Depois do jantar, foram enviados vários telegramas a pessoas interessadas no resultado da eleição. E Estepan Arcádievitch, que estava de muito bom humor, enviou um telegrama a Dária Alexandrovna: "Nevedóvski eleito por vinte votos. Parabéns. Conta a todos." Ditou-o em voz alta, dizendo: "Temos de os deixar partilhar a nossa alegria." Dária Alexandrovna, ao receber a mensagem, suspirou simplesmente pelo rublo desperdiçado nisso e compreendeu que era uma coisa de depois do jantar. Sabia que Stiva tinha a fraqueza, depois de jantar, de _faire jouer le télégraphe_.
Tudo, juntamente com o excelente jantar e o vinho, não de comerciantes russos, mas importado diretamente do estrangeiro, era extremamente digno, simples e agradável. O grupo — cerca de vinte pessoas — fora selecionado por Sviájski de entre os novos liberais mais ativos, todos da mesma opinião, que eram ao mesmo tempo inteligentes e bem-educados. Beberam, também a meio a brincar, à saúde do novo marechal da província, do governador, do diretor do banco e do "nosso amável anfitrião".
Vrónski estava satisfeito. Nunca esperara encontrar um tom tão agradável nas províncias.
Perto do fim do jantar, o ambiente ficou ainda mais animado. O governador pediu a Vrónski que fosse a um concerto em benefício dos sérvios que a sua mulher, que ansiava por conhecê-lo, estava a organizar.
"Haverá um baile, e verá a beldade da província. Vale a pena ver, realmente."
"Não é a minha praia", respondeu Vrónski. Gostava daquela expressão inglesa. Mas sorriu e prometeu ir.
Antes de se levantarem da mesa, quando todos estavam a fumar, o criado de Vrónski aproximou-se dele com uma carta numa bandeja.
"De Vozdvíjenskoe, por um mensageiro especial", disse com uma expressão significativa.
"Espantoso! como ele se parece com o procurador-adjunto Sventítski", disse um dos convidados em francês sobre o criado, enquanto Vrónski, franzindo o cenho, lia a carta.

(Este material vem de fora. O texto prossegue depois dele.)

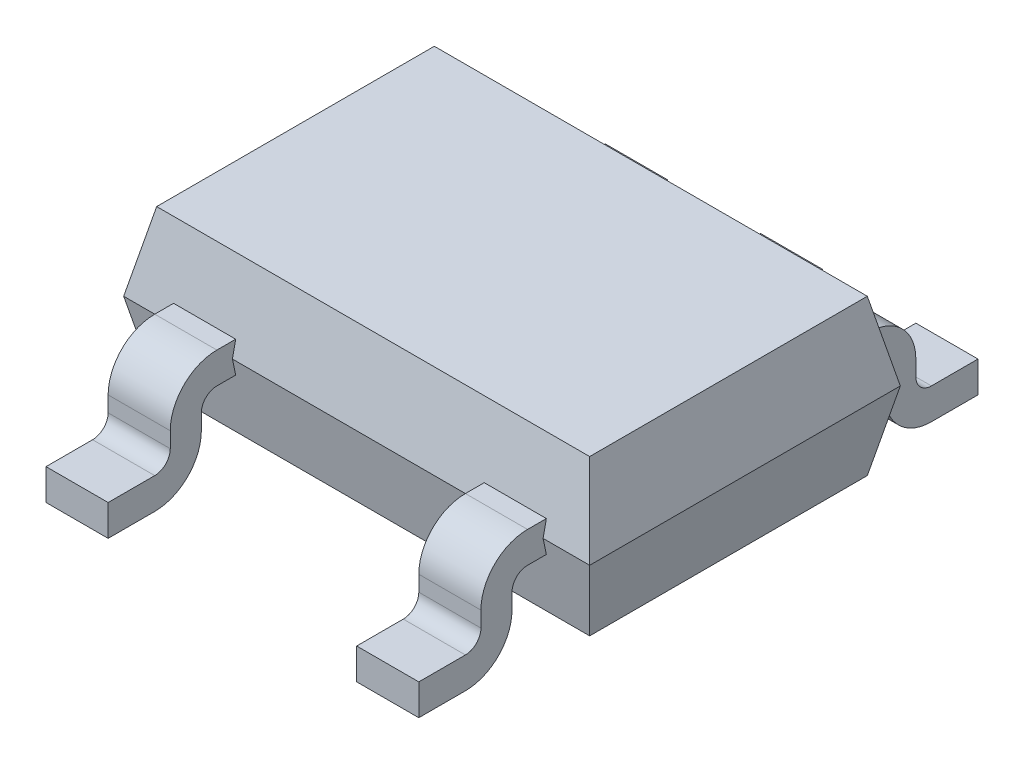
SolidWorks part; units mm, degrees
ref_plane "Front Plane" through (0, 0, 0) normal (0, 0, 1) x (1, 0, 0)
ref_plane "Top Plane" through (0, 0, 0) normal (0, 1, 0) x (1, 0, 0)
ref_plane "Right Plane" through (0, 0, 0) normal (1, 0, 0) x (0, 0, -1)
sketch "BaseS" plane through (0, 0, 0) normal (0, 1, 0) x (1, 0, 0)
  line L1 (-1.5, 1) -> (1.5, 1)
  line L2 (-1.5, 1) -> (-1.5, -1)
  line L3 (-1.5, -1) -> (1.5, -1)
  line L4 (1.5, 1) -> (1.5, -1)
  line L5 (-1.5, 1) -> (1.5, -1) construction
  line L6 (-1.5, -1) -> (1.5, 1) construction
  point P0 (0, 0)
  dimension "Width" = 3
  dimension "Length" = 2
extrude "Base" add sketch "BaseS" along normal mid plane 1 draft 12
sketch "VInSolderJointS" plane through (0, 0, 0) normal (1, 0, 0) x (0, 0, -1)
  line L0 (0.9, 0) -> (1.1, 0)
  line L1 (1.3, -0.2) -> (1.3, -0.3)
  line L2 (1.5, -0.5) -> (1.8, -0.5)
  line L3 (-0.8937, -0.5) -> (0.8937, -0.5) construction
  line L4 (0, -0.5) -> (0, 0) construction
  line L5 (-0.8937, -0.5) -> (0.8937, -0.5) construction
  line L6 (-1.5, -0.5) -> (-1.8, -0.5) construction
  line L7 (-1.3, -0.2) -> (-1.3, -0.3) construction
  line L8 (-0.9, 0) -> (-1.1, 0) construction
  arc A0 (1.1, 0) -> (1.3, -0.2) centre (1.1, -0.2) cw
  arc A1 (1.5, -0.5) -> (1.3, -0.3) centre (1.5, -0.3) cw
  arc A2 (-1.5, -0.5) -> (-1.3, -0.3) centre (-1.5, -0.3) ccw construction
  arc A3 (-1.1, 0) -> (-1.3, -0.2) centre (-1.1, -0.2) ccw construction
  dimension "Radius" = 0.2
  dimension "InnerLength" = 0.1
  dimension "TopOuterLength" = 0.1
  dimension "BottomLength" = 0.3
extrude "VInSolderJoint" add sketch "VInSolderJointS" along normal mid plane 0.4 thin thin type mid plane wall 0.2
pattern_linear "SJLP" count 2 spacing 1 along (1, 0, 0) count 2 spacing 1 along (-1, 0, 0) of "VInSolderJoint"
ref_plane "Plane1" through (1, 0, 0) normal (1, 0, 0) x (0, 0, -1)
sketch "VOutSolderJointS" plane through (1, 0, 0) normal (1, 0, 0) x (0, 0, -1)
  line L0 (-1.5, -0.5) -> (-1.8, -0.5) construction
  line L1 (-1.3, -0.2) -> (-1.3, -0.3) construction
  line L2 (-0.9, 0) -> (-1.1, 0) construction
  line L3 (-1.5, -0.5) -> (-1.8, -0.5)
  line L4 (-1.3, -0.2) -> (-1.3, -0.3)
  line L5 (-0.9, 0) -> (-1.1, 0)
  arc A0 (-1.5, -0.5) -> (-1.3, -0.3) centre (-1.5, -0.3) ccw construction
  arc A1 (-1.1, 0) -> (-1.3, -0.2) centre (-1.1, -0.2) ccw construction
  arc A2 (-1.5, -0.5) -> (-1.3, -0.3) centre (-1.5, -0.3) ccw
  arc A3 (-1.1, 0) -> (-1.3, -0.2) centre (-1.1, -0.2) ccw
extrude "VOutSolderJoint" add sketch "VOutSolderJointS" along normal mid plane 0.4 thin thin type mid plane wall 0.2
mirror "VOSJ HM" about plane through (0, 0, 0) normal (1, 0, 0) of "VOutSolderJoint"
equation "\"Width@VOutSolderJoint\"=\"Width@VInSolderJoint\""
equation "\"Height@VOutSolderJoint\"=\"Height@VInSolderJoint\""

A carta era de Anna. Antes de ler a carta, já sabia o seu conteúdo. Esperando que as eleições terminassem em cinco dias, prometera estar de volta na sexta-feira. Hoje era sábado, e sabia que a carta continha reprovações por não ter voltado na data fixada. A carta que enviara na noite anterior provavelmente ainda não chegara até ela.
A carta era o que esperava, mas a forma era inesperada e particularmente desagradável para ele. "Annie está muito doente, o médico diz que pode ser inflamação. Estou a perder a cabeça sozinha. A princesa Varvára não ajuda, é um estorvo. Esperava-o anteontem e ontem, e agora mando saber onde está e o que fazia. Quis vir eu própria, mas desisti, sabendo que não gostaria. Envie alguma resposta, para que eu saiba o que fazer."
A criança doente, e ainda assim pensara em vir ela própria. A filha doente, e este tom hostil.
As festividades inocentes da eleição, e este amor sombrio e pesado para o qual tinha de voltar, impressionaram Vrónski pelo seu contraste. Mas tinha de ir, e no primeiro comboio dessa noite partiu para casa.